In this case, the transition is better seen also, to the war spirit of the close of the psalm: “Sharp arrows of the mighty” remind us of the similar “sharp razor” of the “mighty one” in the fifty-second psalm, who is addressed also as a “deceitful tongue.” And “coals of broom” do not seem so suitable an image for divine judgment as for human fury breaking out. This naturally leads on to the psalmist’s lament over his sojourn in Meshech and in the tents of Kedar, nomads, very likely to suggest the “sharp arrows” he has spoken of; and whose trade as Ishmaelites was depredation and war. The names are, as already said, “emblematic”: “My soul has long dwelt with him that hateth peace”; that is the moral of it. “I am peace,” -a man characterized by that; but to speak it only rouses the opposition: “when I speak, they are for war.” This is what the world is: and this is what it showed itself to be when the Prince of peace came into it. Thus it was that He, over whom; as born into it, the angels proclaimed peace, in His own clear knowledge of the immediate result, proclaimed “not peace, but a sword.” He could indeed say “I am peace,” -the very incarnation of it. What did His humanity mean but “peace: good pleasure in man”? Yet His rejection was written upon the cross in every typical human language.

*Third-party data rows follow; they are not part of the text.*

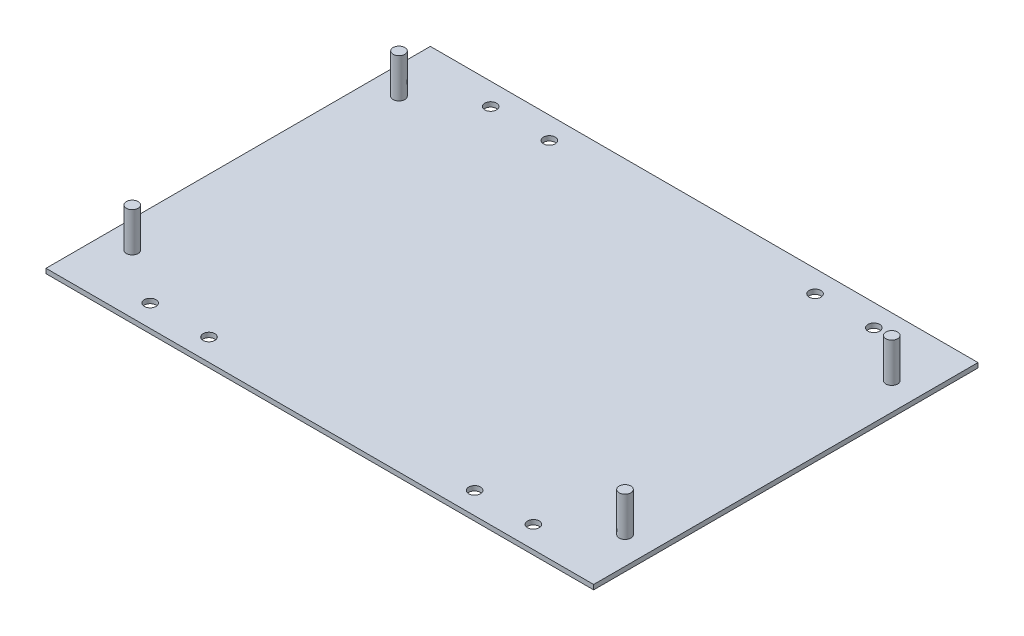
ISO-10303-21;
HEADER;
FILE_DESCRIPTION(('STEP AP214'),'2;1');
FILE_NAME('part.step','',(''),(''),'','','');
FILE_SCHEMA(('AUTOMOTIVE_DESIGN { 1 0 10303 214 1 1 1 1 }'));
ENDSEC;
DATA;
#1=APPLICATION_CONTEXT('core data for automotive mechanical design processes');
#2=APPLICATION_PROTOCOL_DEFINITION('international standard','automotive_design',2000,#1);
#3=PRODUCT_CONTEXT('',#1,'mechanical');
#4=PRODUCT('Part','Part','',(#3));
#5=PRODUCT_RELATED_PRODUCT_CATEGORY('part','',(#4));
#6=PRODUCT_DEFINITION_FORMATION('','',#4);
#7=PRODUCT_DEFINITION_CONTEXT('part definition',#1,'design');
#8=PRODUCT_DEFINITION('design','',#6,#7);
#9=PRODUCT_DEFINITION_SHAPE('','',#8);
#10=(LENGTH_UNIT() NAMED_UNIT(*) SI_UNIT(.MILLI.,.METRE.));
#11=(NAMED_UNIT(*) PLANE_ANGLE_UNIT() SI_UNIT($,.RADIAN.));
#12=(NAMED_UNIT(*) SI_UNIT($,.STERADIAN.) SOLID_ANGLE_UNIT());
#13=UNCERTAINTY_MEASURE_WITH_UNIT(LENGTH_MEASURE(1.E-05),#10,'distance_accuracy_value','');
#14=(GEOMETRIC_REPRESENTATION_CONTEXT(3) GLOBAL_UNCERTAINTY_ASSIGNED_CONTEXT((#13)) GLOBAL_UNIT_ASSIGNED_CONTEXT((#10,
#11,#12)) REPRESENTATION_CONTEXT('',''));
#15=CARTESIAN_POINT('',(0.,0.,0.));
#16=DIRECTION('',(0.,0.,1.));
#17=DIRECTION('',(1.,0.,0.));
#18=AXIS2_PLACEMENT_3D('',#15,#16,#17);
#19=CARTESIAN_POINT('',(0.,1.2,0.));
#20=DIRECTION('',(0.,-1.,0.));
#21=DIRECTION('',(0.,0.,-1.));
#22=AXIS2_PLACEMENT_3D('',#19,#20,#21);
#23=PLANE('',#22);
#24=CARTESIAN_POINT('',(62.85,1.2,-37.324));
#25=DIRECTION('',(0.,-1.,0.));
#26=DIRECTION('',(0.,0.,-1.));
#27=AXIS2_PLACEMENT_3D('',#24,#25,#26);
#28=CIRCLE('',#27,1.5);
#29=CARTESIAN_POINT('',(62.85,1.2,-38.824));
#30=VERTEX_POINT('',#29);
#31=EDGE_CURVE('E11',#30,#30,#28,.F.);
#32=ORIENTED_EDGE('',*,*,#31,.F.);
#33=EDGE_LOOP('',(#32));
#34=FACE_BOUND('',#33,.T.);
#35=CARTESIAN_POINT('',(62.85,1.2,30.72));
#36=DIRECTION('',(0.,-1.,0.));
#37=DIRECTION('',(0.,0.,-1.));
#38=AXIS2_PLACEMENT_3D('',#35,#36,#37);
#39=CIRCLE('',#38,1.5);
#40=CARTESIAN_POINT('',(62.85,1.2,29.22));
#41=VERTEX_POINT('',#40);
#42=EDGE_CURVE('E49',#41,#41,#39,.F.);
#43=ORIENTED_EDGE('',*,*,#42,.F.);
#44=EDGE_LOOP('',(#43));
#45=FACE_BOUND('',#44,.T.);
#46=CARTESIAN_POINT('',(-62.85,1.2,30.72));
#47=DIRECTION('',(0.,-1.,0.));
#48=DIRECTION('',(0.,0.,-1.));
#49=AXIS2_PLACEMENT_3D('',#46,#47,#48);
#50=CIRCLE('',#49,1.5);
#51=CARTESIAN_POINT('',(-62.85,1.2,29.22));
#52=VERTEX_POINT('',#51);
#53=EDGE_CURVE('E133',#52,#52,#50,.F.);
#54=ORIENTED_EDGE('',*,*,#53,.F.);
#55=EDGE_LOOP('',(#54));
#56=FACE_BOUND('',#55,.T.);
#57=CARTESIAN_POINT('',(-62.85,1.2,-37.324));
#58=DIRECTION('',(0.,-1.,0.));
#59=DIRECTION('',(0.,0.,-1.));
#60=AXIS2_PLACEMENT_3D('',#57,#58,#59);
#61=CIRCLE('',#60,1.5);
#62=CARTESIAN_POINT('',(-62.85,1.2,-38.824));
#63=VERTEX_POINT('',#62);
#64=EDGE_CURVE('E129',#63,#63,#61,.F.);
#65=ORIENTED_EDGE('',*,*,#64,.F.);
#66=EDGE_LOOP('',(#65));
#67=FACE_BOUND('',#66,.T.);
#68=DIRECTION('',(0.,0.,-1.));
#69=VECTOR('',#68,1.);
#70=CARTESIAN_POINT('',(69.85,1.2,45.72));
#71=LINE('',#70,#69);
#72=CARTESIAN_POINT('',(69.85,1.2,45.72));
#73=VERTEX_POINT('',#72);
#74=CARTESIAN_POINT('',(69.85,1.2,-52.324));
#75=VERTEX_POINT('',#74);
#76=EDGE_CURVE('E93',#73,#75,#71,.T.);
#77=ORIENTED_EDGE('',*,*,#76,.T.);
#78=DIRECTION('',(-1.,0.,0.));
#79=VECTOR('',#78,1.);
#80=CARTESIAN_POINT('',(-69.85,1.2,-52.324));
#81=LINE('',#80,#79);
#82=CARTESIAN_POINT('',(-69.85,1.2,-52.324));
#83=VERTEX_POINT('',#82);
#84=EDGE_CURVE('E88',#75,#83,#81,.T.);
#85=ORIENTED_EDGE('',*,*,#84,.T.);
#86=DIRECTION('',(0.,0.,1.));
#87=VECTOR('',#86,1.);
#88=CARTESIAN_POINT('',(-69.85,1.2,45.72));
#89=LINE('',#88,#87);
#90=CARTESIAN_POINT('',(-69.85,1.2,45.72));
#91=VERTEX_POINT('',#90);
#92=EDGE_CURVE('E91',#83,#91,#89,.T.);
#93=ORIENTED_EDGE('',*,*,#92,.T.);
#94=DIRECTION('',(1.,0.,0.));
#95=VECTOR('',#94,1.);
#96=CARTESIAN_POINT('',(-69.85,1.2,45.72));
#97=LINE('',#96,#95);
#98=EDGE_CURVE('E57',#91,#73,#97,.T.);
#99=ORIENTED_EDGE('',*,*,#98,.T.);
#100=EDGE_LOOP('',(#77,#85,#93,#99));
#101=FACE_BOUND('',#100,.T.);
#102=CARTESIAN_POINT('',(-48.8772454,1.2,40.12));
#103=DIRECTION('',(0.,1.,0.));
#104=DIRECTION('',(0.,0.,1.));
#105=AXIS2_PLACEMENT_3D('',#102,#103,#104);
#106=CIRCLE('',#105,1.5);
#107=CARTESIAN_POINT('',(-48.8772454,1.2,41.62));
#108=VERTEX_POINT('',#107);
#109=EDGE_CURVE('E116',#108,#108,#106,.T.);
#110=ORIENTED_EDGE('',*,*,#109,.F.);
#111=EDGE_LOOP('',(#110));
#112=FACE_BOUND('',#111,.T.);
#113=CARTESIAN_POINT('',(-33.8772454,1.2,40.12));
#114=DIRECTION('',(0.,1.,0.));
#115=DIRECTION('',(0.,0.,1.));
#116=AXIS2_PLACEMENT_3D('',#113,#114,#115);
#117=CIRCLE('',#116,1.5);
#118=CARTESIAN_POINT('',(-33.8772454,1.2,41.62));
#119=VERTEX_POINT('',#118);
#120=EDGE_CURVE('E278',#119,#119,#117,.T.);
#121=ORIENTED_EDGE('',*,*,#120,.F.);
#122=EDGE_LOOP('',(#121));
#123=FACE_BOUND('',#122,.T.);
#124=CARTESIAN_POINT('',(-33.891248194,1.2,-46.724));
#125=DIRECTION('',(0.,1.,0.));
#126=DIRECTION('',(0.,0.,-1.));
#127=AXIS2_PLACEMENT_3D('',#124,#125,#126);
#128=CIRCLE('',#127,1.49999999999998);
#129=CARTESIAN_POINT('',(-33.891248194,1.2,-48.224));
#130=VERTEX_POINT('',#129);
#131=EDGE_CURVE('E271',#130,#130,#128,.T.);
#132=ORIENTED_EDGE('',*,*,#131,.F.);
#133=EDGE_LOOP('',(#132));
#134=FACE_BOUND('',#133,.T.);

Israel were not then, and have not since been; the “sons of peace,” such as the Lord sent His disciples out to seek. And we must look on to the latter days to find them as depicted here. The remnant,then,will indeed be “like sheep in the midst of wolves”; the essential opposition between Christ’s people and the world will have sharpened into its acutest form; and it is simple enough that this first psalm here should give it expression.